Dataset records:
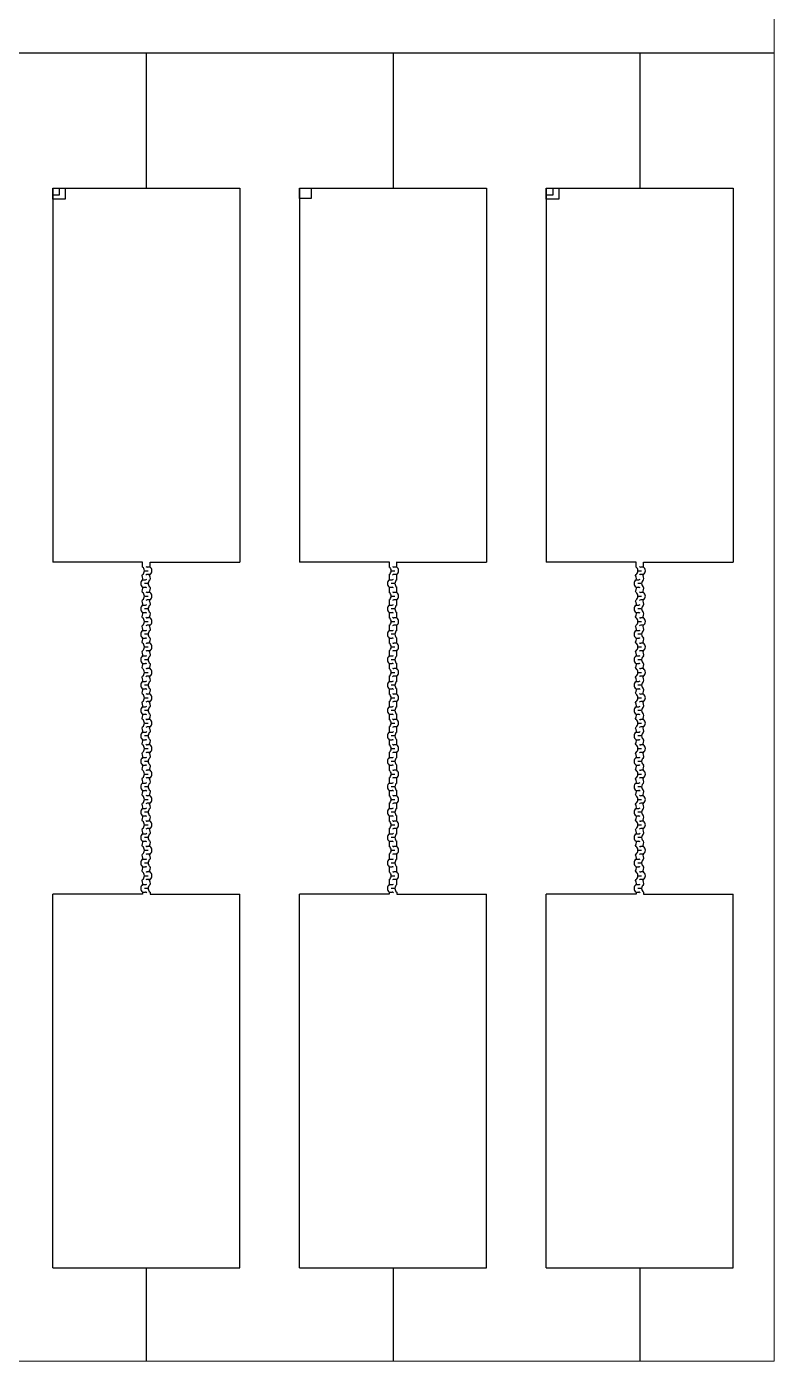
# Model space of a CAD drawing. Header units: millimetres. Extents: x 0 to 40, y 0 to 70.
# Drawn here: x 20 to 40, y 0 to 35.7 of the extents above; entities that cross this region are included whole.
import ezdxf

# ---------------------------------------------------------------- set-up
doc = ezdxf.new("R2010")
doc.units = ezdxf.units.MM
doc.layers.add('Al Foil', color=2, linetype='Continuous')
doc.layers.add('DEF POINTS', color=7, linetype='Continuous')

msp = doc.modelspace()

# ---------------------------------------------------------------- linework, layer by layer
at = {"layer": 'Al Foil', "linetype": 'Continuous', "lineweight": 0}
for p, q in [((40, 70), (40, 0)), ((40, 0), (0, 0))]:
    msp.add_line(p, q, dxfattribs=at)
at = {"layer": 'Al Foil'}
for p, q in [((0, 35), (40, 35)), ((23.2, 35), (23.2, 31.377)), ((29.8, 35), (29.8, 31.377)), ((36.4, 35), (36.4, 31.377)), ((20.7, 31.377), (25.7, 31.377)), ((20.7, 31.377), (20.7, 21.377)), ((20.7, 31.377), (21.033, 31.377)), ((20.7, 31.085), (20.7, 31.377)), ((20.7, 31.377), (20.873, 31.377)), ((20.7, 31.195), (20.7, 31.377)), ((20.873, 31.195), (20.7, 31.195)), ((21.033, 31.085), (20.7, 31.085)), ((20.873, 31.377), (20.873, 31.195)), ((21.033, 31.377), (21.033, 31.085)), ((25.7, 31.377), (25.7, 21.377)), ((27.3, 31.377), (32.3, 31.377)), ((27.3, 31.377), (27.3, 21.377)), ((27.3, 31.377), (27.611, 31.377)), ((27.3, 31.108), (27.3, 31.377)), ((27.611, 31.108), (27.3, 31.108)), ((27.611, 31.377), (27.611, 31.108)), ((32.3, 31.377), (32.3, 21.377)), ((33.9, 31.377), (38.9, 31.377)), ((33.9, 31.377), (33.9, 21.377)), ((33.9, 31.377), (34.233, 31.377)), ((33.9, 31.085), (33.9, 31.377)), ((33.9, 31.377), (34.073, 31.377)), ((33.9, 31.195), (33.9, 31.377)), ((34.073, 31.195), (33.9, 31.195)), ((34.233, 31.085), (33.9, 31.085)), ((34.073, 31.377), (34.073, 31.195)), ((34.233, 31.377), (34.233, 31.085)), ((38.9, 31.377), (38.9, 21.377)), ((23.1, 21.377), (20.7, 21.377)), ((23.1, 21.247), (23.1, 21.377)), ((23.15, 21.147), (23.25, 21.147)), ((23.3, 21.247), (23.225, 21.247)), ((23.3, 21.377), (25.7, 21.377)), ((23.3, 21.247), (23.3, 21.377)), ((29.7, 21.377), (27.3, 21.377)), ((29.7, 21.387), (29.7, 21.247)), ((29.75, 21.147), (29.85, 21.147)), ((29.9, 21.247), (29.825, 21.247)), ((29.9, 21.247), (29.9, 21.387)), ((29.9, 21.377), (32.3, 21.377)), ((36.3, 21.377), (33.9, 21.377)), ((36.3, 21.247), (36.3, 21.377)), ((36.35, 21.147), (36.45, 21.147)), ((36.5, 21.247), (36.425, 21.247)), ((36.5, 21.377), (38.9, 21.377)), ((36.5, 21.247), (36.5, 21.377)), ((23.1, 20.907), (23.175, 20.907)), ((23.1, 20.707), (23.175, 20.707)), ((23.25, 20.807), (23.15, 20.807)), ((23.3, 21.047), (23.225, 21.047)), ((29.7, 21.047), (29.7, 20.907)), ((29.7, 20.907), (29.775, 20.907)), ((29.7, 20.707), (29.7, 20.567)), ((29.7, 20.707), (29.775, 20.707)), ((29.85, 20.807), (29.75, 20.807)), ((29.9, 21.047), (29.825, 21.047)), ((29.9, 20.907), (29.9, 21.047)), ((29.9, 20.567), (29.9, 20.707)), ((36.3, 20.907), (36.375, 20.907)), ((36.3, 20.707), (36.375, 20.707)), ((36.45, 20.807), (36.35, 20.807)), ((36.5, 21.047), (36.425, 21.047)), ((23.15, 20.467), (23.25, 20.467)), ((23.3, 20.567), (23.225, 20.567)), ((23.3, 20.367), (23.225, 20.367)), ((29.7, 20.367), (29.7, 20.227)), ((29.75, 20.467), (29.85, 20.467)), ((29.9, 20.567), (29.825, 20.567)), ((29.9, 20.367), (29.825, 20.367)), ((29.9, 20.227), (29.9, 20.367)), ((36.35, 20.467), (36.45, 20.467)), ((36.5, 20.567), (36.425, 20.567)), ((36.5, 20.367), (36.425, 20.367)), ((23.1, 20.227), (23.175, 20.227)), ((23.1, 20.027), (23.175, 20.027)), ((23.25, 20.127), (23.15, 20.127)), ((29.7, 20.227), (29.775, 20.227)), ((29.7, 20.027), (29.7, 19.887)), ((29.7, 20.027), (29.775, 20.027)), ((29.85, 20.127), (29.75, 20.127)), ((29.9, 19.887), (29.9, 20.027)), ((36.3, 20.227), (36.375, 20.227)), ((36.3, 20.027), (36.375, 20.027)), ((36.45, 20.127), (36.35, 20.127)), ((23.15, 19.788), (23.25, 19.788)), ((23.3, 19.887), (23.225, 19.887)), ((23.3, 19.687), (23.225, 19.687)), ((29.7, 19.687), (29.7, 19.547)), ((29.75, 19.788), (29.85, 19.788)), ((29.9, 19.887), (29.825, 19.887)), ((29.9, 19.687), (29.825, 19.687)), ((29.9, 19.547), (29.9, 19.687)), ((36.35, 19.788), (36.45, 19.788)), ((36.5, 19.887), (36.425, 19.887)), ((36.5, 19.687), (36.425, 19.687)), ((23.1, 19.547), (23.175, 19.547)), ((23.1, 19.347), (23.175, 19.347)), ((23.25, 19.447), (23.15, 19.447)), ((29.7, 19.547), (29.775, 19.547)), ((29.7, 19.347), (29.7, 19.208)), ((29.7, 19.347), (29.775, 19.347)), ((29.85, 19.447), (29.75, 19.447)), ((29.9, 19.208), (29.9, 19.347)), ((36.3, 19.547), (36.375, 19.547)), ((36.3, 19.347), (36.375, 19.347)), ((36.45, 19.447), (36.35, 19.447)), ((23.15, 19.108), (23.25, 19.108)), ((23.3, 19.208), (23.225, 19.208)), ((23.3, 19.008), (23.225, 19.008)), ((29.7, 19.008), (29.7, 18.868)), ((29.75, 19.108), (29.85, 19.108)), ((29.9, 19.208), (29.825, 19.208)), ((29.9, 19.008), (29.825, 19.008)), ((29.9, 18.868), (29.9, 19.008)), ((36.35, 19.108), (36.45, 19.108)), ((36.5, 19.208), (36.425, 19.208)), ((36.5, 19.008), (36.425, 19.008)), ((23.1, 18.868), (23.175, 18.868)), ((23.1, 18.668), (23.175, 18.668)), ((23.25, 18.767), (23.15, 18.767)), ((29.7, 18.868), (29.775, 18.868)), ((29.7, 18.668), (29.7, 18.528)), ((29.7, 18.668), (29.775, 18.668)), ((29.85, 18.767), (29.75, 18.767)), ((29.9, 18.528), (29.9, 18.668)), ((36.3, 18.868), (36.375, 18.868)), ((36.3, 18.668), (36.375, 18.668)), ((36.45, 18.767), (36.35, 18.767)), ((23.15, 18.428), (23.25, 18.428)), ((23.3, 18.528), (23.225, 18.528)), ((23.3, 18.328), (23.225, 18.328)), ((29.7, 18.328), (29.7, 18.188)), ((29.75, 18.428), (29.85, 18.428)), ((29.9, 18.528), (29.825, 18.528)), ((29.9, 18.328), (29.825, 18.328)), ((29.9, 18.188), (29.9, 18.328)), ((36.35, 18.428), (36.45, 18.428)), ((36.5, 18.528), (36.425, 18.528)), ((36.5, 18.328), (36.425, 18.328)), ((23.1, 18.188), (23.175, 18.188)), ((23.1, 17.988), (23.175, 17.988)), ((23.25, 18.088), (23.15, 18.088)), ((29.7, 18.188), (29.775, 18.188)), ((29.7, 17.988), (29.7, 17.848)), ((29.7, 17.988), (29.775, 17.988)), ((29.85, 18.088), (29.75, 18.088)), ((29.9, 17.848), (29.9, 17.988)), ((36.3, 18.188), (36.375, 18.188)), ((36.3, 17.988), (36.375, 17.988)), ((36.45, 18.088), (36.35, 18.088)), ((23.1, 17.508), (23.175, 17.508)), ((23.15, 17.748), (23.25, 17.748)), ((23.3, 17.848), (23.225, 17.848)), ((23.3, 17.648), (23.225, 17.648)), ((29.7, 17.648), (29.7, 17.508)), ((29.7, 17.508), (29.775, 17.508)), ((29.75, 17.748), (29.85, 17.748)), ((29.9, 17.848), (29.825, 17.848)), ((29.9, 17.648), (29.825, 17.648)), ((29.9, 17.508), (29.9, 17.648)), ((36.3, 17.508), (36.375, 17.508)), ((36.35, 17.748), (36.45, 17.748)), ((36.5, 17.848), (36.425, 17.848)), ((36.5, 17.648), (36.425, 17.648)), ((23.1, 17.308), (23.175, 17.308)), ((23.25, 17.408), (23.15, 17.408)), ((23.3, 17.168), (23.225, 17.168)), ((29.7, 17.308), (29.7, 17.168)), ((29.7, 17.308), (29.775, 17.308)), ((29.85, 17.408), (29.75, 17.408)), ((29.9, 17.168), (29.825, 17.168)), ((29.9, 17.168), (29.9, 17.308)), ((36.3, 17.308), (36.375, 17.308)), ((36.45, 17.408), (36.35, 17.408)), ((36.5, 17.168), (36.425, 17.168)), ((23.1, 16.828), (23.175, 16.828)), ((23.15, 17.069), (23.25, 17.069)), ((23.3, 16.968), (23.225, 16.968)), ((29.7, 16.968), (29.7, 16.828)), ((29.7, 16.828), (29.775, 16.828)), ((29.75, 17.069), (29.85, 17.069)), ((29.9, 16.968), (29.825, 16.968)), ((29.9, 16.828), (29.9, 16.968)), ((36.3, 16.828), (36.375, 16.828)), ((36.35, 17.069), (36.45, 17.069)), ((36.5, 16.968), (36.425, 16.968)), ((23.1, 16.628), (23.175, 16.628)), ((23.25, 16.728), (23.15, 16.728)), ((23.3, 16.489), (23.225, 16.489)), ((29.7, 16.628), (29.7, 16.489)), ((29.7, 16.628), (29.775, 16.628)), ((29.85, 16.728), (29.75, 16.728)), ((29.9, 16.489), (29.825, 16.489)), ((29.9, 16.489), (29.9, 16.628)), ((36.3, 16.628), (36.375, 16.628)), ((36.45, 16.728), (36.35, 16.728)), ((36.5, 16.489), (36.425, 16.489)), ((23.1, 16.149), (23.175, 16.149)), ((23.15, 16.389), (23.25, 16.389)), ((23.3, 16.289), (23.225, 16.289)), ((29.7, 16.289), (29.7, 16.149)), ((29.7, 16.149), (29.775, 16.149)), ((29.75, 16.389), (29.85, 16.389)), ((29.9, 16.289), (29.825, 16.289)), ((29.9, 16.149), (29.9, 16.289)), ((36.3, 16.149), (36.375, 16.149)), ((36.35, 16.389), (36.45, 16.389)), ((36.5, 16.289), (36.425, 16.289)), ((23.1, 15.949), (23.175, 15.949)), ((23.25, 16.048), (23.15, 16.048)), ((23.15, 15.709), (23.25, 15.709)), ((23.3, 15.809), (23.225, 15.809)), ((29.7, 15.949), (29.7, 15.809)), ((29.7, 15.949), (29.775, 15.949)), ((29.85, 16.048), (29.75, 16.048)), ((29.75, 15.709), (29.85, 15.709)), ((29.9, 15.809), (29.825, 15.809)), ((29.9, 15.809), (29.9, 15.949)), ((36.3, 15.949), (36.375, 15.949)), ((36.45, 16.048), (36.35, 16.048)), ((36.35, 15.709), (36.45, 15.709)), ((36.5, 15.809), (36.425, 15.809)), ((23.1, 15.469), (23.175, 15.469)), ((23.25, 15.369), (23.15, 15.369)), ((23.3, 15.609), (23.225, 15.609)), ((29.7, 15.609), (29.7, 15.469)), ((29.7, 15.469), (29.775, 15.469)), ((29.85, 15.369), (29.75, 15.369)), ((29.9, 15.609), (29.825, 15.609)), ((29.9, 15.469), (29.9, 15.609)), ((36.3, 15.469), (36.375, 15.469)), ((36.45, 15.369), (36.35, 15.369)), ((36.5, 15.609), (36.425, 15.609)), ((23.1, 15.269), (23.175, 15.269)), ((23.15, 15.029), (23.25, 15.029)), ((23.3, 15.129), (23.225, 15.129)), ((29.7, 15.269), (29.7, 15.129)), ((29.7, 15.269), (29.775, 15.269)), ((29.75, 15.029), (29.85, 15.029)), ((29.9, 15.129), (29.825, 15.129)), ((29.9, 15.129), (29.9, 15.269)), ((36.3, 15.269), (36.375, 15.269)), ((36.35, 15.029), (36.45, 15.029)), ((36.5, 15.129), (36.425, 15.129)), ((23.1, 14.789), (23.175, 14.789)), ((23.25, 14.689), (23.15, 14.689)), ((23.3, 14.929), (23.225, 14.929)), ((29.7, 14.929), (29.7, 14.789)), ((29.7, 14.789), (29.775, 14.789)), ((29.85, 14.689), (29.75, 14.689)), ((29.9, 14.929), (29.825, 14.929)), ((29.9, 14.789), (29.9, 14.929)), ((36.3, 14.789), (36.375, 14.789)), ((36.45, 14.689), (36.35, 14.689)), ((36.5, 14.929), (36.425, 14.929)), ((23.1, 14.589), (23.175, 14.589)), ((23.15, 14.35), (23.25, 14.35)), ((23.3, 14.449), (23.225, 14.449)), ((29.7, 14.589), (29.7, 14.449)), ((29.7, 14.589), (29.775, 14.589)), ((29.75, 14.35), (29.85, 14.35)), ((29.9, 14.449), (29.825, 14.449)), ((29.9, 14.449), (29.9, 14.589)), ((36.3, 14.589), (36.375, 14.589)), ((36.35, 14.35), (36.45, 14.35)), ((36.5, 14.449), (36.425, 14.449)), ((23.1, 14.109), (23.175, 14.109)), ((23.25, 14.009), (23.15, 14.009)), ((23.3, 14.249), (23.225, 14.249)), ((29.7, 14.249), (29.7, 14.109)), ((29.7, 14.109), (29.775, 14.109)), ((29.85, 14.009), (29.75, 14.009)), ((29.9, 14.249), (29.825, 14.249)), ((29.9, 14.109), (29.9, 14.249)), ((36.3, 14.109), (36.375, 14.109)), ((36.45, 14.009), (36.35, 14.009)), ((36.5, 14.249), (36.425, 14.249)), ((23.1, 13.909), (23.175, 13.909)), ((23.15, 13.67), (23.25, 13.67)), ((23.3, 13.77), (23.225, 13.77)), ((23.3, 13.57), (23.225, 13.57)), ((29.7, 13.909), (29.7, 13.77)), ((29.7, 13.909), (29.775, 13.909)), ((29.7, 13.57), (29.7, 13.43)), ((29.75, 13.67), (29.85, 13.67)), ((29.9, 13.77), (29.825, 13.77)), ((29.9, 13.57), (29.825, 13.57)), ((29.9, 13.77), (29.9, 13.909)), ((29.9, 13.43), (29.9, 13.57)), ((36.3, 13.909), (36.375, 13.909)), ((36.35, 13.67), (36.45, 13.67)), ((36.5, 13.77), (36.425, 13.77)), ((36.5, 13.57), (36.425, 13.57)), ((23.1, 13.43), (23.175, 13.43)), ((23.1, 13.23), (23.175, 13.23)), ((23.25, 13.329), (23.15, 13.329)), ((29.7, 13.43), (29.775, 13.43)), ((29.7, 13.23), (29.7, 13.09)), ((29.7, 13.23), (29.775, 13.23)), ((29.85, 13.329), (29.75, 13.329)), ((29.9, 13.09), (29.9, 13.23)), ((36.3, 13.43), (36.375, 13.43)), ((36.3, 13.23), (36.375, 13.23)), ((36.45, 13.329), (36.35, 13.329)), ((23.15, 12.99), (23.25, 12.99)), ((23.3, 13.09), (23.225, 13.09)), ((23.3, 12.89), (23.225, 12.89)), ((29.7, 12.89), (29.7, 12.75)), ((29.75, 12.99), (29.85, 12.99)), ((29.9, 13.09), (29.825, 13.09)), ((29.9, 12.89), (29.825, 12.89)), ((29.9, 12.75), (29.9, 12.89)), ((36.35, 12.99), (36.45, 12.99)), ((36.5, 13.09), (36.425, 13.09)), ((36.5, 12.89), (36.425, 12.89)), ((20.7, 2.5), (20.7, 12.5)), ((23.1, 12.5), (20.7, 12.5)), ((23.1, 12.75), (23.175, 12.75)), ((23.1, 12.55), (23.175, 12.55)), ((23.1, 12.55), (23.1, 12.5)), ((23.25, 12.65), (23.15, 12.65)), ((23.3, 12.55), (23.3, 12.5)), ((23.3, 12.5), (25.7, 12.5)), ((25.7, 2.5), (25.7, 12.5)), ((27.3, 2.5), (27.3, 12.5)), ((29.7, 12.5), (27.3, 12.5)), ((29.7, 12.75), (29.775, 12.75)), ((29.7, 12.55), (29.775, 12.55)), ((29.7, 12.55), (29.7, 12.5)), ((29.85, 12.65), (29.75, 12.65)), ((29.9, 12.55), (29.9, 12.5)), ((29.9, 12.5), (32.3, 12.5)), ((32.3, 2.5), (32.3, 12.5)), ((33.9, 2.5), (33.9, 12.5)), ((36.3, 12.5), (33.9, 12.5)), ((36.3, 12.75), (36.375, 12.75)), ((36.3, 12.55), (36.375, 12.55)), ((36.3, 12.55), (36.3, 12.5)), ((36.45, 12.65), (36.35, 12.65)), ((36.5, 12.55), (36.5, 12.5)), ((36.5, 12.5), (38.9, 12.5)), ((38.9, 2.5), (38.9, 12.5)), ((20.7, 2.5), (25.7, 2.5)), ((23.2, 2.5), (23.2, 0)), ((27.3, 2.5), (32.3, 2.5)), ((29.8, 2.5), (29.8, 0)), ((33.9, 2.5), (38.9, 2.5)), ((36.4, 2.5), (36.4, 0))]:
    msp.add_line(p, q, dxfattribs=at)
for centre, radius, start, end in [((23.025, 21.147), 0.125, 306.8699, 53.1301), ((23.225, 21.297), 0.05, 225, 270), ((23.225, 21.147), 0.125, 306.8699, 53.1301), ((29.625, 21.147), 0.125, 306.8699, 53.1301), ((29.825, 21.297), 0.05, 225, 270), ((29.825, 21.147), 0.125, 306.8699, 53.1301), ((36.225, 21.147), 0.125, 306.8699, 53.1301), ((36.425, 21.297), 0.05, 225, 270), ((36.425, 21.147), 0.125, 306.8699, 53.1301), ((23.175, 20.807), 0.125, 126.8699, 233.1301), ((23.175, 20.957), 0.05, 270, 315), ((23.175, 20.657), 0.05, 45, 90), ((23.225, 20.997), 0.05, 90, 135), ((23.375, 20.807), 0.125, 126.8699, 233.1301), ((29.775, 20.807), 0.125, 126.8699, 233.1301), ((29.775, 20.957), 0.05, 270, 315), ((29.775, 20.657), 0.05, 45, 90), ((29.825, 20.997), 0.05, 90, 135), ((29.975, 20.807), 0.125, 126.8699, 233.1301), ((36.375, 20.807), 0.125, 126.8699, 233.1301), ((36.375, 20.957), 0.05, 270, 315), ((36.375, 20.657), 0.05, 45, 90), ((36.425, 20.997), 0.05, 90, 135), ((36.575, 20.807), 0.125, 126.8699, 233.1301), ((23.025, 20.467), 0.125, 306.8699, 53.1301), ((23.225, 20.617), 0.05, 225, 270), ((23.225, 20.317), 0.05, 90, 135), ((23.225, 20.467), 0.125, 306.8699, 53.1301), ((29.625, 20.467), 0.125, 306.8699, 53.1301), ((29.825, 20.617), 0.05, 225, 270), ((29.825, 20.317), 0.05, 90, 135), ((29.825, 20.467), 0.125, 306.8699, 53.1301), ((36.225, 20.467), 0.125, 306.8699, 53.1301), ((36.425, 20.617), 0.05, 225, 270), ((36.425, 20.317), 0.05, 90, 135), ((36.425, 20.467), 0.125, 306.8699, 53.1301), ((23.175, 20.127), 0.125, 126.8699, 233.1301), ((23.175, 20.277), 0.05, 270, 315), ((23.175, 19.977), 0.05, 45, 90), ((23.375, 20.127), 0.125, 126.8699, 233.1301), ((29.775, 20.127), 0.125, 126.8699, 233.1301), ((29.775, 20.277), 0.05, 270, 315), ((29.775, 19.977), 0.05, 45, 90), ((29.975, 20.127), 0.125, 126.8699, 233.1301), ((36.375, 20.127), 0.125, 126.8699, 233.1301), ((36.375, 20.277), 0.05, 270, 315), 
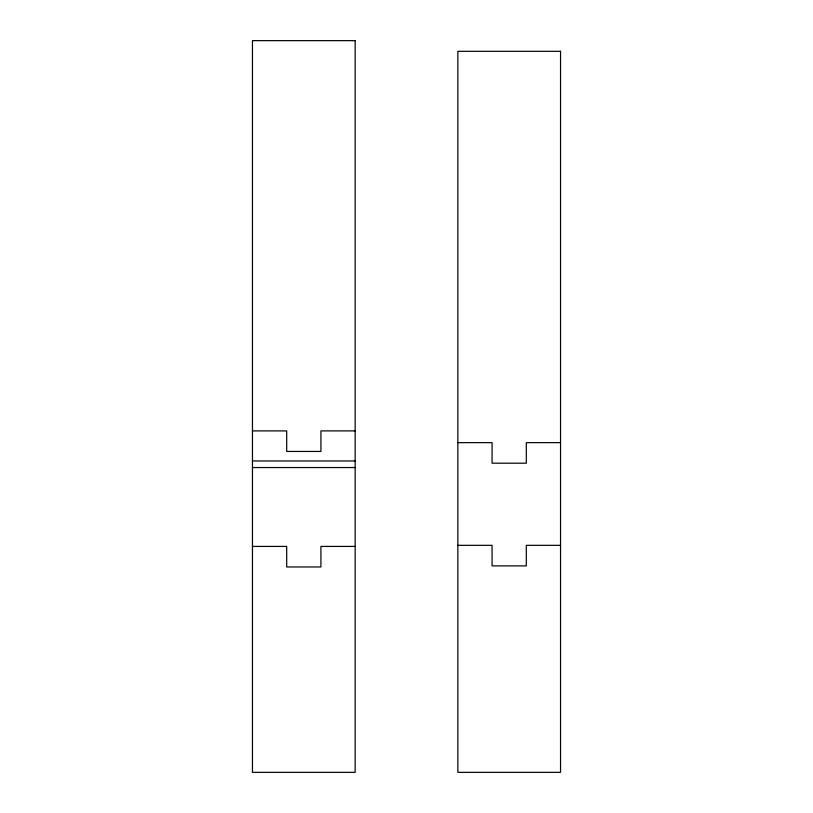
<?xml version="1.0" encoding="UTF-8"?>
<svg xmlns="http://www.w3.org/2000/svg" width="813" height="813" viewBox="0 0 813 813"><rect width="100%" height="100%" fill="white"/><g stroke="black" fill="none" stroke-linecap="round" stroke-linejoin="round"><path stroke-width="1.22" d="M252.457 430.9L286.684 430.9L286.684 451.449L320.922 451.449L320.922 430.9L355.149 430.9M457.851 442.648L492.078 442.648L492.078 463.186L526.316 463.186L526.316 442.648L560.543 442.648M252.457 460.961L355.149 460.961M252.457 467.546L355.149 467.546M457.851 545.34L492.078 545.34L492.078 565.878L526.316 565.878L526.316 545.34L560.543 545.34M252.457 546.417L286.684 546.417L286.684 566.956L320.922 566.956L320.922 546.417L355.149 546.417M355.149 40.65L252.457 40.65L252.457 772.35L355.149 772.35L355.149 40.65M560.543 51.321L457.851 51.321L457.851 772.35L560.543 772.35L560.543 51.321"/></g></svg>

• [WHAT YOU NEED TO DO]
Every line that contains "units" should be copied out of the data.

• [SOLUTION TO THIS EXERCISE]
# Model space of a CAD drawing. Header units: millimetres. Extents: x 0 to 40, y 0 to 70.
doc.units = ezdxf.units.MM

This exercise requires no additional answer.